The history of technology repeatedly demonstrates that first-order innovations spawn significant second-order effects – indirect consequences that profoundly shape our world. When the automobile was invented, it wasn’t easy to predict that it would reshape urban landscapes, giving rise to sprawling cities like Los Angeles. 

In ad tech, we’re witnessing a similar phenomenon: Initial digital innovations designed to serve advertisers have inadvertently reshaped the digital publishing ecosystem. In this case, however, the secondary impact is hurting publishers.

The early ad tech revolution left publishers behind

Carlota Perez famously theorized how technological revolutions can fundamentally restructure markets and societies.

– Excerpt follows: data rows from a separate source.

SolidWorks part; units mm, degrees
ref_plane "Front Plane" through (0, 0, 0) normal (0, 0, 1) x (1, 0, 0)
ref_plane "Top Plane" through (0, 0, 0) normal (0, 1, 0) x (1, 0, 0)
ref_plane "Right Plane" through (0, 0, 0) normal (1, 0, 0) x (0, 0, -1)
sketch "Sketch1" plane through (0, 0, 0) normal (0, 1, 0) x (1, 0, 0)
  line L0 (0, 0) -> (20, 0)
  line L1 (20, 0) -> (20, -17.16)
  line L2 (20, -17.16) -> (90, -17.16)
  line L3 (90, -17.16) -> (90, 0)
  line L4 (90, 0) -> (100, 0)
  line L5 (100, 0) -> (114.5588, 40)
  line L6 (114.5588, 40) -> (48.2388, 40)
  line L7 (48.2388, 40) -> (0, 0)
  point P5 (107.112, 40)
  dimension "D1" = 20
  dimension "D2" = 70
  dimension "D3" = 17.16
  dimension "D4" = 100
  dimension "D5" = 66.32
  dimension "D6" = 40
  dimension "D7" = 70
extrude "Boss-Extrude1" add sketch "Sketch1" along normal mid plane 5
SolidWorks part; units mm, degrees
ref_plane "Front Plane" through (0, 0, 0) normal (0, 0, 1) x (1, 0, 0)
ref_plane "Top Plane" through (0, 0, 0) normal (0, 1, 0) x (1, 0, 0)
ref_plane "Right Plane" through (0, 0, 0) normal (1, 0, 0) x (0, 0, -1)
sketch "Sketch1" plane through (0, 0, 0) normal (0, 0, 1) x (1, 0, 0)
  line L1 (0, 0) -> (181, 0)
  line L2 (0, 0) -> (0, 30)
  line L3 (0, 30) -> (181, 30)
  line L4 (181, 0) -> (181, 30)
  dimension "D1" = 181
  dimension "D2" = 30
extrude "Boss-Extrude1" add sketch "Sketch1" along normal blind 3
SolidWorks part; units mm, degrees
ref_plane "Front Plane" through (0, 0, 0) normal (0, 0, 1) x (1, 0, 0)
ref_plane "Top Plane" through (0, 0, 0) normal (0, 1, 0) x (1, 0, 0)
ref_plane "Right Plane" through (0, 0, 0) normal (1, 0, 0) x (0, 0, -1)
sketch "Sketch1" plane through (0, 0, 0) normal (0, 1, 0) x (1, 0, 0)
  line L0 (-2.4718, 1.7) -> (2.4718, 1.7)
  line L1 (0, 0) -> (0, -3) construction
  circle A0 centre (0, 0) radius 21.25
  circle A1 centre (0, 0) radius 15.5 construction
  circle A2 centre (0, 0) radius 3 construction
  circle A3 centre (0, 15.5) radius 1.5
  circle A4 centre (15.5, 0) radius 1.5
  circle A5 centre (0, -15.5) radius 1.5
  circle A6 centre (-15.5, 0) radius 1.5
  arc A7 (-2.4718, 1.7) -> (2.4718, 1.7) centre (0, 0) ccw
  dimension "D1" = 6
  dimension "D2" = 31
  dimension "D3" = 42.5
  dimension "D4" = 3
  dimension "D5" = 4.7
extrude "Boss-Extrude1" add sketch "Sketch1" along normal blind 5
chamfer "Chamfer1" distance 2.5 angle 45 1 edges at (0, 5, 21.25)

The current internet age and digital information revolution opened an entirely new publishing medium and advertising channel, giving birth to what we now call ad tech.

Predictably, ad tech’s evolution was driven primarily by advertisers’ interests, prioritizing optimization, targeting, measurement and efficiency. This was capitalism at work, responding logically to the immediate customer – the advertiser – who controlled the dollars.

But there was a critical oversight in this first-order innovation. Publishers, the source of the audiences advertisers are trying to reach, were left behind by the ad tech industry. Their needs for sustainable monetization, transparency and robust tools to protect user experience were overlooked or insufficiently addressed. Instead of receiving targeted investment in specialized software, publishers often found themselves dependent on middlemen extracting outsized value from the ad inventory they created. 

Today, publishers face significant ad tech bottlenecks in a rapidly iterating space, having been forced either to develop costly proprietary solutions or accept suboptimal third-party platforms.

Walled gardens and the commoditization of content

Ironically, the largest technology companies – who often downplay that they are in the business of selling ads – recognized early on the strategic advantage of their software development prowess within the digital ad landscape. They didn’t just build tools; they built standalone ecosystems as the open internet pursued interoperability. 

These walled gardens conflated media and technology, commoditized content and created closed ecosystems where user-generated content (UGC) and ad optimization seamlessly integrated, capturing disproportionate market power and a majority of digital ad budgets. 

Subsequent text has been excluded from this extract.